### DATA
----

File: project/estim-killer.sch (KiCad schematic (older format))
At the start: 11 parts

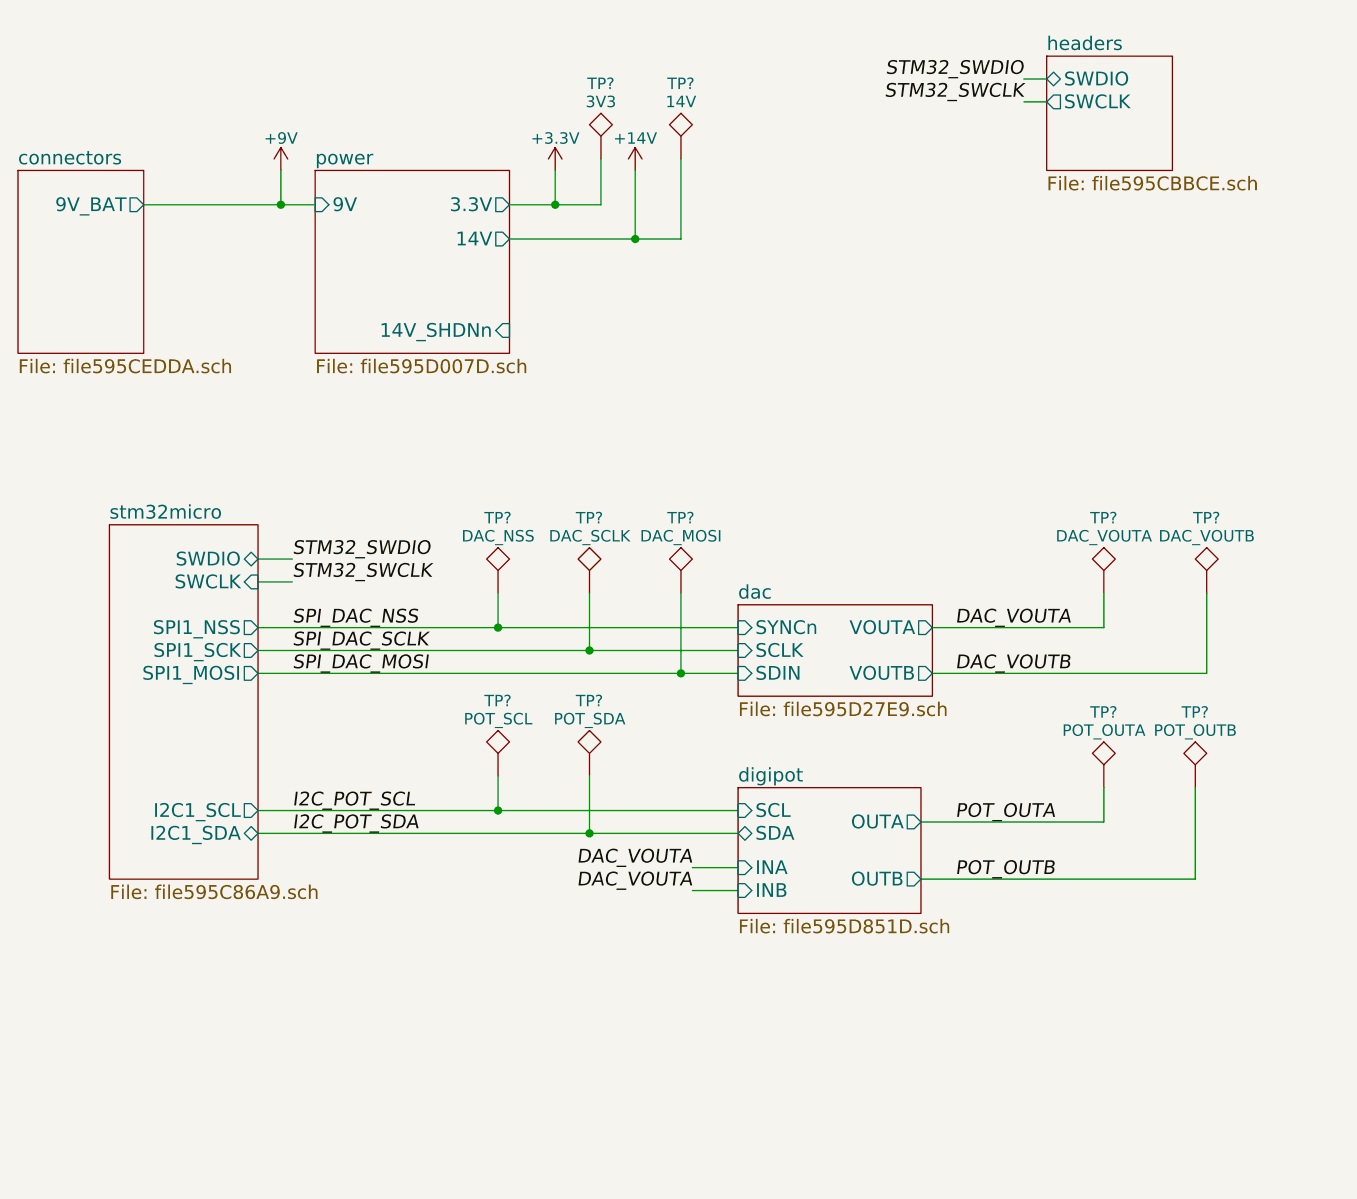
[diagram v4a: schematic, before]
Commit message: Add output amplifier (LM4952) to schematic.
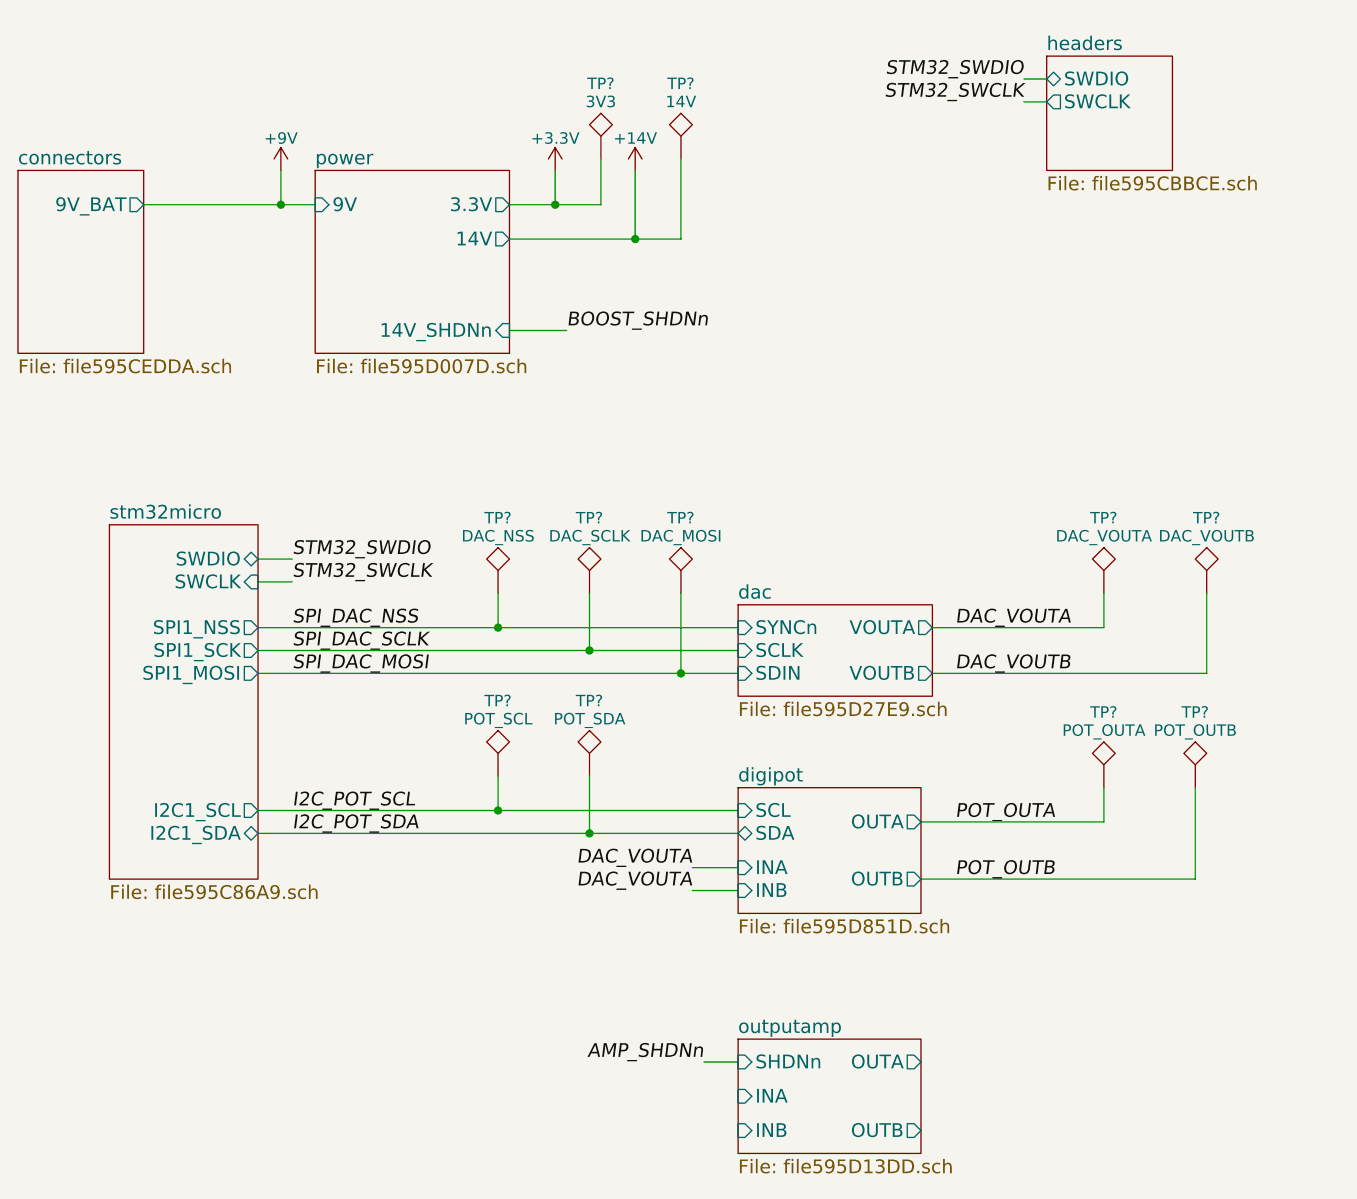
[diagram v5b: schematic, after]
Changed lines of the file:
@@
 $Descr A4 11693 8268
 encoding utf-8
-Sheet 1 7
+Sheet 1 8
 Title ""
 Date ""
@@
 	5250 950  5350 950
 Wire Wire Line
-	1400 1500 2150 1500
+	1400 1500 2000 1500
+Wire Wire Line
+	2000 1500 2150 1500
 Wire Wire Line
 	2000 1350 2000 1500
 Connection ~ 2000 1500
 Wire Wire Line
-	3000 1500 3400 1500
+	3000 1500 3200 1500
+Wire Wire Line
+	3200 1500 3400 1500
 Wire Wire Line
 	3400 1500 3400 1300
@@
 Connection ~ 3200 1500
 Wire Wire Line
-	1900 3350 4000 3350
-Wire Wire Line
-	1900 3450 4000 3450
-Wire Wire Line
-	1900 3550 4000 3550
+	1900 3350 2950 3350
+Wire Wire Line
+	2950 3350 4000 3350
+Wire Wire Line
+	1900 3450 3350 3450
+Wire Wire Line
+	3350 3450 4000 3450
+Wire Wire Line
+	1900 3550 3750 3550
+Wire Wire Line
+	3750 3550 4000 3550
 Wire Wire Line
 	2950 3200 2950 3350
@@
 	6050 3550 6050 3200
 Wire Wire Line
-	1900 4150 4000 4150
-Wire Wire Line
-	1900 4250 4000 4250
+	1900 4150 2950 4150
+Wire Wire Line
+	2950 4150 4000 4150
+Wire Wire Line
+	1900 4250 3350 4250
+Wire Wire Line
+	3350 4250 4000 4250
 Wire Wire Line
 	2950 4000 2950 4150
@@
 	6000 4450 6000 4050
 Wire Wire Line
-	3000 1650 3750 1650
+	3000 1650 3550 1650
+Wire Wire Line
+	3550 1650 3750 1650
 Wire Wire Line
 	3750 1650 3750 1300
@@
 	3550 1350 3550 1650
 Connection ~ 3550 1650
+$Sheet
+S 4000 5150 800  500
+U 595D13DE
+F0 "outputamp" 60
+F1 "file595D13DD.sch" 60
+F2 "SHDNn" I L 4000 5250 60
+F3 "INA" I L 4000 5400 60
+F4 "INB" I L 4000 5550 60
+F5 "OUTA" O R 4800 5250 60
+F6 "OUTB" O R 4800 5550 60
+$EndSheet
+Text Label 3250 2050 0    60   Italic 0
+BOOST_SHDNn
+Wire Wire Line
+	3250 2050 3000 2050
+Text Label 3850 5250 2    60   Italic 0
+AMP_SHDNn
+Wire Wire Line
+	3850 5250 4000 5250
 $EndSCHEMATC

----

### EXERCISE
Give back the whole listing exactly; no pictures.

### FINISHED EXERCISE
File: project/estim-killer.sch (KiCad schematic (older format))
At the start: 11 parts

[diagram v4a: schematic, before]
Commit message: Add output amplifier (LM4952) to schematic.
[diagram v5b: schematic, after]
Changed lines of the file:
@@
 $Descr A4 11693 8268
 encoding utf-8
-Sheet 1 7
+Sheet 1 8
 Title ""
 Date ""
@@
 	5250 950  5350 950
 Wire Wire Line
-	1400 1500 2150 1500
+	1400 1500 2000 1500
+Wire Wire Line
+	2000 1500 2150 1500
 Wire Wire Line
 	2000 1350 2000 1500
 Connection ~ 2000 1500
 Wire Wire Line
-	3000 1500 3400 1500
+	3000 1500 3200 1500
+Wire Wire Line
+	3200 1500 3400 1500
 Wire Wire Line
 	3400 1500 3400 1300
@@
 Connection ~ 3200 1500
 Wire Wire Line
-	1900 3350 4000 3350
-Wire Wire Line
-	1900 3450 4000 3450
-Wire Wire Line
-	1900 3550 4000 3550
+	1900 3350 2950 3350
+Wire Wire Line
+	2950 3350 4000 3350
+Wire Wire Line
+	1900 3450 3350 3450
+Wire Wire Line
+	3350 3450 4000 3450
+Wire Wire Line
+	1900 3550 3750 3550
+Wire Wire Line
+	3750 3550 4000 3550
 Wire Wire Line
 	2950 3200 2950 3350
@@
 	6050 3550 6050 3200
 Wire Wire Line
-	1900 4150 4000 4150
-Wire Wire Line
-	1900 4250 4000 4250
+	1900 4150 2950 4150
+Wire Wire Line
+	2950 4150 4000 4150
+Wire Wire Line
+	1900 4250 3350 4250
+Wire Wire Line
+	3350 4250 4000 4250
 Wire Wire Line
 	2950 4000 2950 4150
@@
 	6000 4450 6000 4050
 Wire Wire Line
-	3000 1650 3750 1650
+	3000 1650 3550 1650
+Wire Wire Line
+	3550 1650 3750 1650
 Wire Wire Line
 	3750 1650 3750 1300
@@
 	3550 1350 3550 1650
 Connection ~ 3550 1650
+$Sheet
+S 4000 5150 800  500
+U 595D13DE
+F0 "outputamp" 60
+F1 "file595D13DD.sch" 60
+F2 "SHDNn" I L 4000 5250 60
+F3 "INA" I L 4000 5400 60
+F4 "INB" I L 4000 5550 60
+F5 "OUTA" O R 4800 5250 60
+F6 "OUTB" O R 4800 5550 60
+$EndSheet
+Text Label 3250 2050 0    60   Italic 0
+BOOST_SHDNn
+Wire Wire Line
+	3250 2050 3000 2050
+Text Label 3850 5250 2    60   Italic 0
+AMP_SHDNn
+Wire Wire Line
+	3850 5250 4000 5250
 $EndSCHEMATC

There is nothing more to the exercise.